This exercise asks for a copy of each line in the records below with the word "left" in it.

BEGIN Data for this task

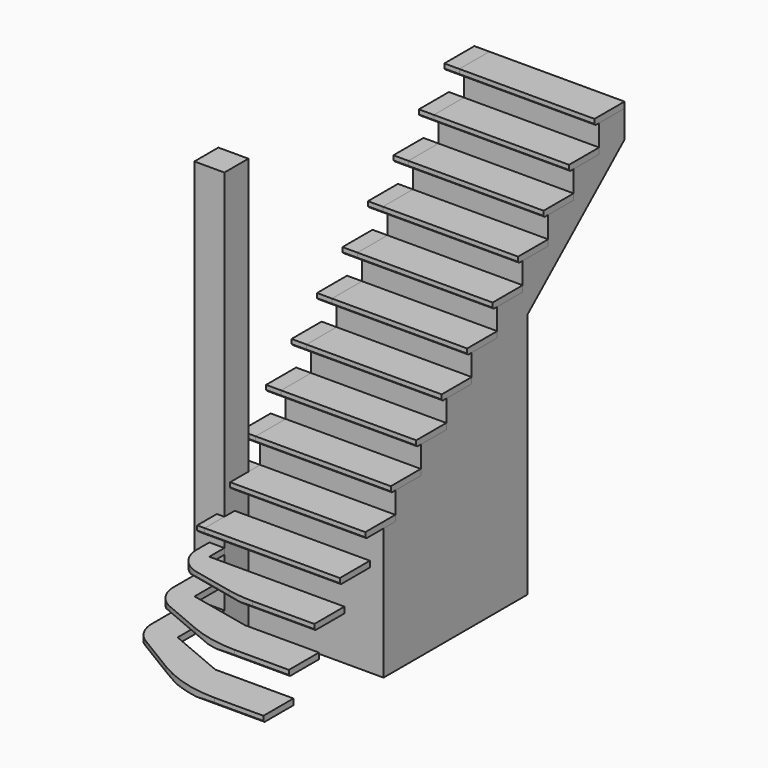
from build123d import *

# Parameters (mm, degrees)
F3_W           = 200
F3_H           = 200
F4_DEPTH       = 2750
F8_DEPTH       = 900
F9_DEPTH       = 100
F11_DEPTH      = 900
F12_DEPTH      = 50
F17_DEPTH      = 40
F19_DEPTH      = 40
F21_DEPTH      = 40
F32_SIZE       = 10
F32_2_SIZE     = 10
F32_3_SIZE     = 10
F32_4_SIZE     = 10
F32_5_SIZE     = 10
F32_6_SIZE     = 10
F32_7_SIZE     = 10
F32_8_SIZE     = 10
F32_9_SIZE     = 10
F32_10_SIZE    = 10
F32_11_SIZE    = 10
F32_12_SIZE    = 10
F32_13_SIZE    = 10
F32_14_SIZE    = 10
F32_15_SIZE    = 10
F32_16_SIZE    = 10
F32_17_SIZE    = 10
F32_18_SIZE    = 10
F32_19_SIZE    = 10
F32_20_SIZE    = 10
F32_21_SIZE    = 10
F32_22_SIZE    = 10
F32_23_SIZE    = 10
F32_24_SIZE    = 10
F34_T1_DEPTH   = 464.801070793
F34_2_T1_DEPTH = 840.9530573364
F34_3_T1_DEPTH = 1149.4231509627
F35_T1_DEPTH   = 833.9140588936
F35_2_T1_DEPTH = 692.872180347
F35_3_T1_DEPTH = 592.6760601916


# Not quite as in the source:
# - a fillet or chamfer that OpenCascade refuses, or shapes differently, is made with other operations: its cross-section is extruded or revolved along the edge and cut away or added
# - a feature of the source that left no trace in its solid (it failed there, or was rolled back) is left out
# - the program builds the solid bodies; features that only make, move or delete a surface that nothing else refers to are left out


with BuildPart() as f4:
    # F3 (on Top) → F4 (new body, through all)
    with BuildSketch(Plane.XY):
        with Locations((-1000, 100)):
            Rectangle(F3_W, F3_H)
    extrude(amount=F4_DEPTH)


with BuildPart() as f8:
    # F7 (on plane+point) → F8 (new body, through all)
    with BuildSketch(Plane.YZ.offset(-900)):
        Polygon((2168, 2562), (1956, 2562), (1956, 2522), (2206, 2522), (2206, 2562), align=None)
    extrude(amount=F8_DEPTH)


with BuildPart() as f8b:
    # F7 (on plane+point) → F8, piece 2 (new body, through all)
    with BuildSketch(Plane.YZ.offset(-900)):
        Polygon((1956, 2379), (1744, 2379), (1744, 2339), (1994, 2339), (1994, 2379), align=None)
    extrude(amount=F8_DEPTH)


with BuildPart() as f8c:
    # F7 (on plane+point) → F8, piece 3 (new body, through all)
    with BuildSketch(Plane.YZ.offset(-900)):
        Polygon((1744, 2196), (1532, 2196), (1532, 2156), (1782, 2156), (1782, 2196), align=None)
    extrude(amount=F8_DEPTH)


with BuildPart() as f8d:
    # F7 (on plane+point) → F8, piece 4 (new body, through all)
    with BuildSketch(Plane.YZ.offset(-900)):
        Polygon((1532, 2013), (1320, 2013), (1320, 1973), (1570, 1973), (1570, 2013), align=None)
    extrude(amount=F8_DEPTH)


with BuildPart() as f8e:
    # F7 (on plane+point) → F8, piece 5 (new body, through all)
    with BuildSketch(Plane.YZ.offset(-900)):
        Polygon((1320, 1830), (1108, 1830), (1108, 1790), (1358, 1790), (1358, 1830), align=None)
    extrude(amount=F8_DEPTH)


with BuildPart() as f8f:
    # F7 (on plane+point) → F8, piece 6 (new body, through all)
    with BuildSketch(Plane.YZ.offset(-900)):
        Polygon((1108, 1647), (896, 1647), (896, 1607), (1146, 1607), (1146, 1647), align=None)
    extrude(amount=F8_DEPTH)


with BuildPart() as f8g:
    # F7 (on plane+point) → F8, piece 7 (new body, through all)
    with BuildSketch(Plane.YZ.offset(-900)):
        Polygon((896, 1464), (684, 1464), (684, 1424), (934, 1424), (934, 1464), align=None)
    extrude(amount=F8_DEPTH)


with BuildPart() as f8h:
    # F7 (on plane+point) → F8, piece 8 (new body, through all)
    with BuildSketch(Plane.YZ.offset(-900)):
        Polygon((684, 1281), (472, 1281), (472, 1241), (722, 1241), (722, 1281), align=None)
    extrude(amount=F8_DEPTH)


with BuildPart() as f8i:
    # F7 (on plane+point) → F8, piece 9 (new body, through all)
    with BuildSketch(Plane.YZ.offset(-900)):
        Polygon((472, 1098), (260, 1098), (260, 1058), (510, 1058), (510, 1098), align=None)
    extrude(amount=F8_DEPTH)


with BuildPart() as f8j:
    # F7 (on plane+point) → F8, piece 10 (new body, through all)
    with BuildSketch(Plane.YZ.offset(-900)):
        Polygon((260, 915), (48, 915), (48, 875), (298, 875), (298, 915), align=None)
    extrude(amount=F8_DEPTH)


with BuildPart() as f8k:
    # F7 (on plane+point) → F8, piece 11 (new body, through all)
    with BuildSketch(Plane.YZ.offset(-900)):
        Polygon((48, 732), (-164, 732), (-164, 692), (86, 692), (86, 732), align=None)
    extrude(amount=F8_DEPTH)


with BuildPart() as f9:
    # F9 (new): a face of the model
    f9_faces = [f8.part.faces().sort_by_distance(p)[0] for p in [
        (-900, 2081, 2542),
    ]]
    extrude(f9_faces, amount=F9_DEPTH)

    # F32#12
    f32_12_edges = [f9.edges().sort_by_distance(p)[0] for p in [
        (-950, 1956, 2522),
    ]]
    chamfer(f32_12_edges, length=F32_12_SIZE)


with BuildPart() as f9b:
    # F9#2 (new): a face of the model
    f9_2_faces = [f8b.part.faces().sort_by_distance(p)[0] for p in [
        (-900, 1869, 2359),
    ]]
    extrude(f9_2_faces, amount=F9_DEPTH)

    # F32#13
    f32_13_edges = [f9b.edges().sort_by_distance(p)[0] for p in [
        (-950, 1744, 2339),
    ]]
    chamfer(f32_13_edges, length=F32_13_SIZE)


with BuildPart() as f9c:
    # F9#3 (new): a face of the model
    f9_3_faces = [f8c.part.faces().sort_by_distance(p)[0] for p in [
        (-900, 1657, 2176),
    ]]
    extrude(f9_3_faces, amount=F9_DEPTH)

    # F32#14
    f32_14_edges = [f9c.edges().sort_by_distance(p)[0] for p in [
        (-950, 1532, 2156),
    ]]
    chamfer(f32_14_edges, length=F32_14_SIZE)


with BuildPart() as f9d:
    # F9#4 (new): a face of the model
    f9_4_faces = [f8d.part.faces().sort_by_distance(p)[0] for p in [
        (-900, 1445, 1993),
    ]]
    extrude(f9_4_faces, amount=F9_DEPTH)

    # F32#15
    f32_15_edges = [f9d.edges().sort_by_distance(p)[0] for p in [
        (-950, 1320, 1973),
    ]]
    chamfer(f32_15_edges, length=F32_15_SIZE)


with BuildPart() as f9e:
    # F9#5 (new): a face of the model
    f9_5_faces = [f8e.part.faces().sort_by_distance(p)[0] for p in [
        (-900, 1233, 1810),
    ]]
    extrude(f9_5_faces, amount=F9_DEPTH)

    # F32#16
    f32_16_edges = [f9e.edges().sort_by_distance(p)[0] for p in [
        (-950, 1108, 1790),
    ]]
    chamfer(f32_16_edges, length=F32_16_SIZE)


with BuildPart() as f9f:
    # F9#6 (new): a face of the model
    f9_6_faces = [f8f.part.faces().sort_by_distance(p)[0] for p in [
        (-900, 1021, 1627),
    ]]
    extrude(f9_6_faces, amount=F9_DEPTH)

    # F32#17
    f32_17_edges = [f9f.edges().sort_by_distance(p)[0] for p in [
        (-950, 896, 1607),
    ]]
    chamfer(f32_17_edges, length=F32_17_SIZE)


with BuildPart() as f9g:
    # F9#7 (new): a face of the model
    f9_7_faces = [f8g.part.faces().sort_by_distance(p)[0] for p in [
        (-900, 809, 1444),
    ]]
    extrude(f9_7_faces, amount=F9_DEPTH)

    # F32#18
    f32_18_edges = [f9g.edges().sort_by_distance(p)[0] for p in [
        (-950, 684, 1424),
    ]]
    chamfer(f32_18_edges, length=F32_18_SIZE)


with BuildPart() as f9h:
    # F9#8 (new): a face of the model
    f9_8_faces = [f8h.part.faces().sort_by_distance(p)[0] for p in [
        (-900, 597, 1261),
    ]]
    extrude(f9_8_faces, amount=F9_DEPTH)

    # F32#19
    f32_19_edges = [f9h.edges().sort_by_distance(p)[0] for p in [
        (-950, 472, 1241),
    ]]
    chamfer(f32_19_edges, length=F32_19_SIZE)


with BuildPart() as f9i:
    # F9#9 (new): a face of the model
    f9_9_faces = [f8i.part.faces().sort_by_distance(p)[0] for p in [
        (-900, 385, 1078),
    ]]
    extrude(f9_9_faces, amount=F9_DEPTH)

    # F32#20
    f32_20_edges = [f9i.edges().sort_by_distance(p)[0] for p in [
        (-950, 260, 1058),
    ]]
    chamfer(f32_20_edges, length=F32_20_SIZE)


with BuildPart() as f9j:
    # F9#10 (new): a face of the model
    f9_10_faces = [f8j.part.faces().sort_by_distance(p)[0] for p in [
        (-900, 173, 895),
    ]]
    extrude(f9_10_faces, amount=F9_DEPTH)


with BuildPart() as f11:
    # F10 (on plane+point) → F11 (new body, through all)
    with BuildSketch(Plane.YZ.offset(-900)):
        Polygon((298, 1058), (298, 915), (298, 875), (200, 875), (200, 0), (1400, 0), (1400, 1643.2547169811), (1146, 1424), (1146, 1607), (934, 1607), (934, 1464), (934, 1424), (722, 1424), (722, 1281), (722, 1241), (510, 1241), (510, 1098), (510, 1058), align=None)
        Polygon((1146, 1424), (1400, 1643.2547169811), (1400, 1973), (1358, 1973), (1358, 1830), (1358, 1790), (1146, 1790), (1146, 1647), (1146, 1607), align=None)
        Polygon((1400, 1973), (1400, 1643.2547169811), (2206, 2339), (2206, 2522), (1994, 2522), (1994, 2379), (1994, 2339), (1782, 2339), (1782, 2196), (1782, 2156), (1570, 2156), (1570, 2013), (1570, 1973), align=None)
    extrude(amount=F11_DEPTH)


with BuildPart() as f12:
    # F12 (new): a face of the model
    f12_faces = [f8k.part.faces().sort_by_distance(p)[0] for p in [
        (-900, -39, 712),
    ]]
    extrude(f12_faces, amount=F12_DEPTH)

    # F32#21
    f32_21_edges = [f12.edges().sort_by_distance(p)[0] for p in [
        (-925, -164, 692),
        (-950, -39, 692),
    ]]
    chamfer(f32_21_edges, length=F32_21_SIZE)


with BuildPart() as f17:
    # F16 (on plane+point) → F17 (new body)
    with BuildSketch(Plane.XY.offset(549)):
        Polygon((-1000, -266), (-500, -376), (0, -376), (0, -126), (-900, -126), (-900, 0), (-1000, 0), (-1000, -126), align=None)
    extrude(amount=-F17_DEPTH)

    # F32#22
    f32_22_edges = [f17.edges().sort_by_distance(p)[0] for p in [
        (-1000, -133, 509),
        (-750, -321, 509),
        (-250, -376, 509),
    ]]
    chamfer(f32_22_edges, length=F32_22_SIZE)

    # F34: fillet of radius 800 on 1 edges, made by hand

    # F34_s2 → F34_t1 (cut)
    with BuildSketch(Plane.XY.offset(301.5994646035)):
        with BuildLine():
            ThreePointArc((-584.9292119815, -357.3155733641), (-499.4907583887, -371.3151761067), (-413.0397858414, -376))
            Line((-413.0397858414, -376), (-500, -376))
            Line((-500, -376), (-584.9292119815, -357.3155733641))
        make_face()
    extrude(amount=F34_T1_DEPTH, mode=Mode.SUBTRACT)

    # F35: fillet of radius 200 on 1 edges, made by hand

    # F35_s2 → F35_t1 (cut)
    with BuildSketch(Plane.XY.offset(117.0429705532)):
        with BuildLine():
            ThreePointArc((-842.972356535, -300.5460815623), (-955.8757057835, -230.5278595406), (-1000, -105.2171882213))
            Line((-1000, -105.2171882213), (-1000, -266))
            Line((-1000, -266), (-842.972356535, -300.5460815623))
        make_face()
    extrude(amount=F35_T1_DEPTH, mode=Mode.SUBTRACT)


with BuildPart() as f19:
    # F18 (on plane+point) → F19 (new body)
    with BuildSketch(Plane.XY.offset(366)):
        Polygon((-1050, -366), (-525, -588), (0, -588), (0, -338), (-490.9090909091, -338), (-900, -248), (-900, 0), (-1050, 0), (-1050, -226), align=None)
    extrude(amount=-F19_DEPTH)

    # F32#23
    f32_23_edges = [f19.edges().sort_by_distance(p)[0] for p in [
        (-1050, -183, 326),
        (-787.5, -477, 326),
        (-262.5, -588, 326),
    ]]
    chamfer(f32_23_edges, length=F32_23_SIZE)

    # F34#2: fillet of radius 800 on 1 edges, made by hand

    # F34_2_s2 → F34_2_t1 (cut)
    with BuildSketch(Plane.XY.offset(-69.4765286682)):
        with BuildLine():
            ThreePointArc((-674.3840204929, -524.8318999059), (-521.7661123215, -572.0489525293), (-362.8093885327, -588))
            Line((-362.8093885327, -588), (-525, -588))
            Line((-525, -588), (-674.3840204929, -524.8318999059))
        make_face()
    extrude(amount=F34_2_T1_DEPTH, mode=Mode.SUBTRACT)

    # F35#2: fillet of radius 200 on 1 edges, made by hand

    # F35_2_s2 → F35_2_t1 (cut)
    with BuildSketch(Plane.XY.offset(4.5639098265)):
        with BuildLine():
            ThreePointArc((-927.89365799, -417.6335389071), (-1016.7014271055, -343.927302383), (-1050, -233.4255639306))
            Line((-1050, -233.4255639306), (-1050, -366))
            Line((-1050, -366), (-927.89365799, -417.6335389071))
        make_face()
    extrude(amount=F35_2_T1_DEPTH, mode=Mode.SUBTRACT)


with BuildPart() as f21:
    # F20 (on plane+point) → F21 (new body)
    with BuildSketch(Plane.XY.offset(183)):
        Polygon((-1100, -466), (-550, -800), (0, -800), (0, -550), (-520.2702702703, -550), (-900, -389.4285714286), (-900, 0), (-1100, 0), (-1100, -326), align=None)
    extrude(amount=-F21_DEPTH)

    # F32#24
    f32_24_edges = [f21.edges().sort_by_distance(p)[0] for p in [
        (-1100, -233, 143),
        (-825, -633, 143),
        (-275, -800, 143),
    ]]
    chamfer(f32_24_edges, length=F32_24_SIZE)

    # F34#3: fillet of radius 800 on 1 edges, made by hand

    # F34_3_s2 → F34_3_t1 (cut)
    with BuildSketch(Plane.XY.offset(-406.7115754813)):
        with BuildLine():
            ThreePointArc((-741.3627609955, -683.7906142318), (-541.7162842473, -770.4000556157), (-326.1153698075, -800))
            Line((-326.1153698075, -800), (-550, -800))
            Line((-550, -800), (-741.3627609955, -683.7906142318))
        make_face()
    extrude(amount=F34_3_T1_DEPTH, mode=Mode.SUBTRACT)

    # F35#3: fillet of radius 200 on 1 edges, made by hand

    # F35_3_s2 → F35_3_t1 (cut)
    with BuildSketch(Plane.XY.offset(-128.3380300958)):
        with BuildLine():
            ThreePointArc((-1003.811847797, -524.4124415196), (-1074.3019930457, -451.5403466922), (-1100, -353.4647879617))
            Line((-1100, -353.4647879617), (-1100, -466))
            Line((-1100, -466), (-1003.811847797, -524.4124415196))
        make_face()
    extrude(amount=F35_3_T1_DEPTH, mode=Mode.SUBTRACT)


with BuildPart() as f8_1:
    add(f8.part)

    # F32
    f32_edges = [f8_1.edges().sort_by_distance(p)[0] for p in [
        (-450, 1956, 2522),
    ]]
    chamfer(f32_edges, length=F32_SIZE)


with BuildPart() as f8b_1:
    add(f8b.part)

    # F32#2
    f32_2_edges = [f8b_1.edges().sort_by_distance(p)[0] for p in [
        (-450, 1744, 2339),
    ]]
    chamfer(f32_2_edges, length=F32_2_SIZE)


with BuildPart() as f8c_1:
    add(f8c.part)

    # F32#3
    f32_3_edges = [f8c_1.edges().sort_by_distance(p)[0] for p in [
        (-450, 1532, 2156),
    ]]
    chamfer(f32_3_edges, length=F32_3_SIZE)


with BuildPart() as f8d_1:
    add(f8d.part)

    # F32#4
    f32_4_edges = [f8d_1.edges().sort_by_distance(p)[0] for p in [
        (-450, 1320, 1973),
    ]]
    chamfer(f32_4_edges, length=F32_4_SIZE)


with BuildPart() as f8e_1:
    add(f8e.part)

    # F32#5
    f32_5_edges = [f8e_1.edges().sort_by_distance(p)[0] for p in [
        (-450, 1108, 1790),
    ]]
    chamfer(f32_5_edges, length=F32_5_SIZE)


with BuildPart() as f8f_1:
    add(f8f.part)

    # F32#6
    f32_6_edges = [f8f_1.edges().sort_by_distance(p)[0] for p in [
        (-450, 896, 1607),
    ]]
    chamfer(f32_6_edges, length=F32_6_SIZE)


with BuildPart() as f8g_1:
    add(f8g.part)

    # F32#7
    f32_7_edges = [f8g_1.edges().sort_by_distance(p)[0] for p in [
        (-450, 684, 1424),
    ]]
    chamfer(f32_7_edges, length=F32_7_SIZE)


with BuildPart() as f8h_1:
    add(f8h.part)

    # F32#8
    f32_8_edges = [f8h_1.edges().sort_by_distance(p)[0] for p in [
        (-450, 472, 1241),
    ]]
    chamfer(f32_8_edges, length=F32_8_SIZE)


with BuildPart() as f8i_1:
    add(f8i.part)

    # F32#9
    f32_9_edges = [f8i_1.edges().sort_by_distance(p)[0] for p in [
        (-450, 260, 1058),
    ]]
    chamfer(f32_9_edges, length=F32_9_SIZE)


with BuildPart() as f8j_1:
    add(f8j.part)

    # F32#10
    f32_10_edges = [f8j_1.edges().sort_by_distance(p)[0] for p in [
        (-450, 48, 875),
    ]]
    chamfer(f32_10_edges, length=F32_10_SIZE)


with BuildPart() as f8k_1:
    add(f8k.part)

    # F32#11
    f32_11_edges = [f8k_1.edges().sort_by_distance(p)[0] for p in [
        (-450, -164, 692),
    ]]
    chamfer(f32_11_edges, length=F32_11_SIZE)


solid = Compound([f4.part, f9.part, f9b.part, f9c.part, f9d.part, f9e.part, f9f.part, f9g.part, f9h.part, f9i.part, f9j.part, f11.part, f12.part, f17.part, f19.part, f21.part, f8_1.part, f8b_1.part, f8c_1.part, f8d_1.part, f8e_1.part, f8f_1.part, f8g_1.part, f8h_1.part, f8i_1.part, f8j_1.part, f8k_1.part])

END Data for this task

* **Completed exercise**
# - a feature of the source that left no trace in its solid (it failed there, or was rolled back) is left out
# - the program builds the solid bodies; features that only make, move or delete a surface that nothing else refers to are left out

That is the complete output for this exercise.